“Oh,” I said, stung. I blinked back tears and stared, unseeing, at the trees and scenery we passed, and clasped Mam’s amethyst in my hand. How could I have been so stupid as to think they’d come?
Chapter 13
“Where’s the church?”
“There is no church, child. It costs time and money to a church build. And what for? We can talk to God in the comfort of our own homes. I’m not for a minister paying to tell everyone what to think. I’ll myself do that!” Jan laughed.
I tried to smile. I’d enjoyed the informal prayer time on Sundays that seemed to be the only way the van Eckens celebrated their religion. They’d been a relief after the solemn day-long worship at home, but I’d expected something more for my wedding.
In Massachusetts, life, and even celebration, was taken so seriously, a wedding was a simple statement sworn by bride and groom, at home, before a magistrate. I’d been envious of the stories I’d heard of other cultures and their big wedding services and subsequent parties, and had hoped for something like that now. But there was no one else here.
I took Hendrik’s hand so he could help me down from the carriage and offered a nervous smile to Klara, who jumped down from the seat behind me and organized the dress, preventing any part of the train touching the dirt of the square. I squinted at her; her eyes looked wet, but she turned her head away and I said nothing.
We climbed the steps to the largest brick building in Eckerstad, my arm on Jan’s, Klara following, and entered the town hall.
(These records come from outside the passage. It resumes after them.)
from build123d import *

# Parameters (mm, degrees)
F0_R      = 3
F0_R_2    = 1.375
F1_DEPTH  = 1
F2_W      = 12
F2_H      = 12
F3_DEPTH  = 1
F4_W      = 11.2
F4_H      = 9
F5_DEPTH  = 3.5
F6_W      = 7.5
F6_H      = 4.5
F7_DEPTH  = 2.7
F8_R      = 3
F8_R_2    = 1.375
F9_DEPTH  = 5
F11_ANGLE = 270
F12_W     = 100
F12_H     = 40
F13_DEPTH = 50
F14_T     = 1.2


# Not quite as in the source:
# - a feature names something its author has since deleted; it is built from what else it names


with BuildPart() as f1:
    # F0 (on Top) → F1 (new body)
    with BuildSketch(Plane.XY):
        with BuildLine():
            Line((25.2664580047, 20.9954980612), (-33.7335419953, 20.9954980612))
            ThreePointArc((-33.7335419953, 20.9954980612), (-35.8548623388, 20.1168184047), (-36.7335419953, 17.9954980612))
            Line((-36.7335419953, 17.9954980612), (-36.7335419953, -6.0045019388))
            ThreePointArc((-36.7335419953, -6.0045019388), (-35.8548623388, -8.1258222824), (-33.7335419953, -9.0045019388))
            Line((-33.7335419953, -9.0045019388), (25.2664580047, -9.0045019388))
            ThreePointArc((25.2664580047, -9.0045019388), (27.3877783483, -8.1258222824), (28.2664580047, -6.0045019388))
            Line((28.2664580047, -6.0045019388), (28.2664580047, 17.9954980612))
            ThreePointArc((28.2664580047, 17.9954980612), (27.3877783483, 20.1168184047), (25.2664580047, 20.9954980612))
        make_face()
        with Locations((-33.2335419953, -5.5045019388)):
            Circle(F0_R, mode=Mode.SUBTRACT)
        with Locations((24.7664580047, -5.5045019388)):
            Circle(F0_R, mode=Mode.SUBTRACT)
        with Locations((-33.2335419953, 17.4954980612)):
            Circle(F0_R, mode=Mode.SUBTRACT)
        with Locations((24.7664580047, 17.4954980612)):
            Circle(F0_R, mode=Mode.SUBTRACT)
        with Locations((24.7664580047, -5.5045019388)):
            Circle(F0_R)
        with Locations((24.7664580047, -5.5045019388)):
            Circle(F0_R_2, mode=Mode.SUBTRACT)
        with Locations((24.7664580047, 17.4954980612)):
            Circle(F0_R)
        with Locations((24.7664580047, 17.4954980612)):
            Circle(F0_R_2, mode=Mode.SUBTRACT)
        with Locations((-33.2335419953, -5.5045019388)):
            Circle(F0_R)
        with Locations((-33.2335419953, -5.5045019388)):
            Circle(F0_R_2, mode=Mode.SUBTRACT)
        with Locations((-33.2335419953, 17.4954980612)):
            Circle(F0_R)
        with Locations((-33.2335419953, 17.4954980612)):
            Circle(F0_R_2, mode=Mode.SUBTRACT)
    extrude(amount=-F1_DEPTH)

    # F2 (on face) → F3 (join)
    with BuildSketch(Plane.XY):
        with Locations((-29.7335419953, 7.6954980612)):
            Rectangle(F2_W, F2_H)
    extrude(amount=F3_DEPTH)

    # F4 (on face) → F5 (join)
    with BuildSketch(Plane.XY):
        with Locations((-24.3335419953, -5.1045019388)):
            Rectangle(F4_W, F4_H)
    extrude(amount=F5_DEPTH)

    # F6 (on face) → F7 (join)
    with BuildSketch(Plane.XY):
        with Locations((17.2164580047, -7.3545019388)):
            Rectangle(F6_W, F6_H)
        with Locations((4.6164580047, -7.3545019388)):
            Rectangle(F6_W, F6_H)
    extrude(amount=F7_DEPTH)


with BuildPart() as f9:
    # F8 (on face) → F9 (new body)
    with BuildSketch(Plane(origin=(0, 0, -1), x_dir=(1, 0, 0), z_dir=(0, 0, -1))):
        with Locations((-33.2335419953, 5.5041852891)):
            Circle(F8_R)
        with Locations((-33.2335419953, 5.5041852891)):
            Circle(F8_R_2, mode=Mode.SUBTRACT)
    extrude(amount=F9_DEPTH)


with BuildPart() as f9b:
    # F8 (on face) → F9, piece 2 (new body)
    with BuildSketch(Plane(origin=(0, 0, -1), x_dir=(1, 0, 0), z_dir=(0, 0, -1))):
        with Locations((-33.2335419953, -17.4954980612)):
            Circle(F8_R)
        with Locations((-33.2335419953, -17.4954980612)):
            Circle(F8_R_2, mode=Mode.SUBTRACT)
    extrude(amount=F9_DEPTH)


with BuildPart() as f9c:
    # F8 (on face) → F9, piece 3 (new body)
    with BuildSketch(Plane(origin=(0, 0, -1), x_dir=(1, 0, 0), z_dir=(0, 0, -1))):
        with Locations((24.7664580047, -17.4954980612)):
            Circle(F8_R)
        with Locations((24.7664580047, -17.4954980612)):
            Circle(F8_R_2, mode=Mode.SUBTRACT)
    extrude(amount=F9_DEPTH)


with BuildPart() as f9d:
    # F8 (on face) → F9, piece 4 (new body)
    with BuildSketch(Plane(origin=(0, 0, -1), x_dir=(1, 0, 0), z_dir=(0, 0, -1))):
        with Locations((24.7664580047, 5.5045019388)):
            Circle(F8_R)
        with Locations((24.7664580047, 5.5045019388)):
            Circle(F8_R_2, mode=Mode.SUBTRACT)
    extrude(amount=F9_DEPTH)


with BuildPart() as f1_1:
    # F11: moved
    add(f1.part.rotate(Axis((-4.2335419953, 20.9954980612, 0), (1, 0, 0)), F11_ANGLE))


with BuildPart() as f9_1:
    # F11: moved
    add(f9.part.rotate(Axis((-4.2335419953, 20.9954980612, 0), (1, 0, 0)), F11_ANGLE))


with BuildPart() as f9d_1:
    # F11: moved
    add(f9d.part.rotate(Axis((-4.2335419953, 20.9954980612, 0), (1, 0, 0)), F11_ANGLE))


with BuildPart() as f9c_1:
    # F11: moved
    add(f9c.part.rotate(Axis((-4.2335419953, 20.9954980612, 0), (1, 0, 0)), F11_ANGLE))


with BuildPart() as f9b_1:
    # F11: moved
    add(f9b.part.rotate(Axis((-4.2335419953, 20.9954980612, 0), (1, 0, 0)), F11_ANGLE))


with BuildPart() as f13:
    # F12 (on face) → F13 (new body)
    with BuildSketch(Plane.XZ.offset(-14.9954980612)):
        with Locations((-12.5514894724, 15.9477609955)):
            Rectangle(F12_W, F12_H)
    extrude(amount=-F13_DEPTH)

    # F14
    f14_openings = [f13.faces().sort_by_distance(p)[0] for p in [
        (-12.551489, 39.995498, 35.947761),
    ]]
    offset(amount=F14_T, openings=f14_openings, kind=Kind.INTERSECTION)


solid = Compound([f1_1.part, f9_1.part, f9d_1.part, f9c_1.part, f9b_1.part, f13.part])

I took a deep breath and tried to calm my nerves.
Jan led me to a door on the right and opened it. He stopped, standing still a moment to look at Erik sitting behind a large, ornate desk. He said something unfriendly in Dutch and Erik rose, then walked around the desk and stood before it. Father and son stared at each other a moment, then Erik looked at me. His eyes softened and he smiled. I smiled back. Maybe this won’t be too bad, after all.
We walked toward my almost-husband, and Jan dropped my arm to move behind the desk and take his seat. Klara arranged my dress, gave me a discreet pat on the arm, and retreated to the back of the room. I looked at Erik, then at Jan in expectation. I was ready.
Jan cleared his throat and spoke—in Dutch. My face fell. Not only was my Mam missing from my wedding, but so was my language.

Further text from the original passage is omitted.